The choice you make will affect the amount you pay in fees and could also potentially have an impact on the amount you receive for your home.
Sole agency is the most common type of estate agent contract, and most people start with this arrangement, but here we take a look at the pros and cons of both…
What does it mean?
Just one agent acts for you for a certain period. They receive all the commission on a sale, but if the property hasn’t sold at the end of this period, you’re free to use other estate agents.
- The charge is usually between 1.5% and 2%, which is cheaper than multi agency. Agents will agree to lower commission with sole agency, as there is a higher chance they will make the sale.
- If you find a buyer yourself privately, there is no commission to pay unless you have agreed sole selling rights with the agent. It’s an increasingly rare arrangement, but if this is the case, you must pay commission regardless of who finds the buyer.
- Historically you’d receive less exposure than you would with more than one agency. However, with most buyers using sites like Zoopla, this is now less of an issue.
- You may end up with lower offers than you would with multiple agents.
- You will sign up to a ‘lock-in’ period, usually 12 weeks, meaning it will be hard to switch agents if you’re unhappy.

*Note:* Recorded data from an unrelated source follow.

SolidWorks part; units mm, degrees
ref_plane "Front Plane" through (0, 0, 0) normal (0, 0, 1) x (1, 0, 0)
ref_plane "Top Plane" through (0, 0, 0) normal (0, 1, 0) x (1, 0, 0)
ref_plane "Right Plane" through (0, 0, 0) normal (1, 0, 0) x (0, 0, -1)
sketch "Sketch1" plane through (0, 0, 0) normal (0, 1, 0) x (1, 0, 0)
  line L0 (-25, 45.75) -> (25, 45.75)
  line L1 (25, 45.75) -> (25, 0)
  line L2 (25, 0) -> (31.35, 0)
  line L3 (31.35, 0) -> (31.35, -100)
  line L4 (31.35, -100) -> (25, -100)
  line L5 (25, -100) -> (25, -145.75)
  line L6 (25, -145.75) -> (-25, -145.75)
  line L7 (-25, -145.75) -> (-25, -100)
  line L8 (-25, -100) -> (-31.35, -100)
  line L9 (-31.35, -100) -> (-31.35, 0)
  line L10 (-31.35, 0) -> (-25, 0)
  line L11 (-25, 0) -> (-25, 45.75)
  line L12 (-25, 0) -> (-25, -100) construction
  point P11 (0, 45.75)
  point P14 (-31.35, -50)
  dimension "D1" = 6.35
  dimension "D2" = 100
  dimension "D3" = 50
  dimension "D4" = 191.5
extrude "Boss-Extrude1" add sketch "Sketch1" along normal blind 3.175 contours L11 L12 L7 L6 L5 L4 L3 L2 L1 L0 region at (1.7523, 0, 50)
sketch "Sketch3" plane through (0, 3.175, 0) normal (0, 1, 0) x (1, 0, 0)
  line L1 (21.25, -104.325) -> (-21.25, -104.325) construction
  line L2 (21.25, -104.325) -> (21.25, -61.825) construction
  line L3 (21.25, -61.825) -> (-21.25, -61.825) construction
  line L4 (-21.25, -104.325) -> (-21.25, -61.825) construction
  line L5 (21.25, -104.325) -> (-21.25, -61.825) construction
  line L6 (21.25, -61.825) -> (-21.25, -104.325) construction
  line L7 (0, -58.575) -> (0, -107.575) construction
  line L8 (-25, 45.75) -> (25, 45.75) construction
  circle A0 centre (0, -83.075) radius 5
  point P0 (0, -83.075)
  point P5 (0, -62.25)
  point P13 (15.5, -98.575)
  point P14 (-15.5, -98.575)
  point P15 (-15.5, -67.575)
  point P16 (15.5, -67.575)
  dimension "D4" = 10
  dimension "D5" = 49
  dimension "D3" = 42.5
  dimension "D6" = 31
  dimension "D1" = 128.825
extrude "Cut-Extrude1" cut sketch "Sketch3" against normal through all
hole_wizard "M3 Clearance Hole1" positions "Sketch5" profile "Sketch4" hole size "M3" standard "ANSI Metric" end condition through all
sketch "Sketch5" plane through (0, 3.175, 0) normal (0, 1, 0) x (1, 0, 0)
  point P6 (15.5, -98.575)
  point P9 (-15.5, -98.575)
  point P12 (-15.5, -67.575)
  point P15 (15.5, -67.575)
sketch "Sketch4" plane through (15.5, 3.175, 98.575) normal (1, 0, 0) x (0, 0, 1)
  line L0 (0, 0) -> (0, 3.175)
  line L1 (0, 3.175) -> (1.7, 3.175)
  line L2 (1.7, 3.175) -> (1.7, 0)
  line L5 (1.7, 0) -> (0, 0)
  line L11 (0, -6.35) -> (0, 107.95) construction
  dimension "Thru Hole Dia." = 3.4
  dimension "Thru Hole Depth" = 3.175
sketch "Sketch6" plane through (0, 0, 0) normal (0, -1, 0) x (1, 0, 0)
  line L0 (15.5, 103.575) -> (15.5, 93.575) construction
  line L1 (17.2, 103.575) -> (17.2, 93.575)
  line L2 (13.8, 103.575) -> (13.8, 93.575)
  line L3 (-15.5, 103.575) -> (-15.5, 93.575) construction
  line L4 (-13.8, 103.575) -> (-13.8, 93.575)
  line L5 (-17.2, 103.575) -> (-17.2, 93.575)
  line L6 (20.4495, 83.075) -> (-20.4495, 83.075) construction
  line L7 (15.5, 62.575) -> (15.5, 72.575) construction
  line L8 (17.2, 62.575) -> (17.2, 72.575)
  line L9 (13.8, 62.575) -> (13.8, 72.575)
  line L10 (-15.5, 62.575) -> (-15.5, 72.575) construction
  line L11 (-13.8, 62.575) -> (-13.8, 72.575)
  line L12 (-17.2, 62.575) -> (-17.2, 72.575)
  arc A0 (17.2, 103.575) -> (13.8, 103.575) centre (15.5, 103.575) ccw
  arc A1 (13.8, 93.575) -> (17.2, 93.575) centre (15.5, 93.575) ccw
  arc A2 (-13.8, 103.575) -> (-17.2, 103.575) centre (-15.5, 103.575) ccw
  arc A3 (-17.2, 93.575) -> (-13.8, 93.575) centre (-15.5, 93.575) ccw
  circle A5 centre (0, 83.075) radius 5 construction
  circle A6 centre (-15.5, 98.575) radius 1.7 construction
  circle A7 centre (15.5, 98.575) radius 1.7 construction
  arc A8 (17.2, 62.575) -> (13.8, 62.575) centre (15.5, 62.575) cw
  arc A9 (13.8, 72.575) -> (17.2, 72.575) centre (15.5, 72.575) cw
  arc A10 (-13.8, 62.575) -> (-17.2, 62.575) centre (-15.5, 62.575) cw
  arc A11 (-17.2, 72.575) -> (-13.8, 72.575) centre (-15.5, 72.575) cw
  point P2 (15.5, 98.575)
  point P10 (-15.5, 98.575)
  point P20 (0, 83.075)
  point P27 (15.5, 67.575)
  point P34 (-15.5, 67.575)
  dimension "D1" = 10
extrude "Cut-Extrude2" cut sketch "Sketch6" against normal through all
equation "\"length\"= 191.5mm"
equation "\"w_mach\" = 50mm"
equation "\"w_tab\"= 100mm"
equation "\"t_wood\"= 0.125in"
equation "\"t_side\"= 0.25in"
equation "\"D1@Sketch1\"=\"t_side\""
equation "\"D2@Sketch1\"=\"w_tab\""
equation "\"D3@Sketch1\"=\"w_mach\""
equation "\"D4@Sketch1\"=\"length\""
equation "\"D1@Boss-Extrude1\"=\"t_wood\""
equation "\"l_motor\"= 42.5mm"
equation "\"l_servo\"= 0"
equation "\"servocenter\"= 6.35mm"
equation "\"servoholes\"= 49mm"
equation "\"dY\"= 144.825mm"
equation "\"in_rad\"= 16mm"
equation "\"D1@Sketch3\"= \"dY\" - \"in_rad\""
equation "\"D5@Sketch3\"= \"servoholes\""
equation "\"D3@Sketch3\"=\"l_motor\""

- If you do sell through another agent while still under contract, you could find yourself having to pay commission not only to the agent who sold the property, but also to the original sole agent.
What does it mean?
You can instruct as many agents as you like. They will all act for you at the same time and the one who finds the buyer earns the commission.
- More agents pushing your property historically used to mean more exposure, but thanks to buyers predominantly using sites such as Rightmove and Zoopla, this is less pronounced.
- You may receive higher offers.
- As agents will be competing against each other, this can speed up a sale.
- The fee may be closer to 3%.
- All agents will be competing against each other, potentially making the process quite chaotic.
- An inherent risk agents may try and get you to accept a lower offer so they secure the commission.
- As several agents will have keys to your home, the viewing process could be more disruptive.
- If buyers see multiple listings for your home with different agents they may be put off.
- Most people start with sole agency and only move to multiple agents if their property doesn’t sell quickly.
- While the normal lock-in period with a sole agent is 12 weeks, shorter periods of six to eight weeks can often be negotiated.
- Multi agency may be the better option if the importance of a fast sale outweighs increased commission.
- Joint agency is another option. This is where you instruct two agents, who will come to an agreement over commission. ie. It may be shared irrespective of who finds the buyer. It’s a more common option for selling overseas property when you want to appoint a specialist national agent as well as a generalist local agent. The fee for joint agency tends to be around 2%.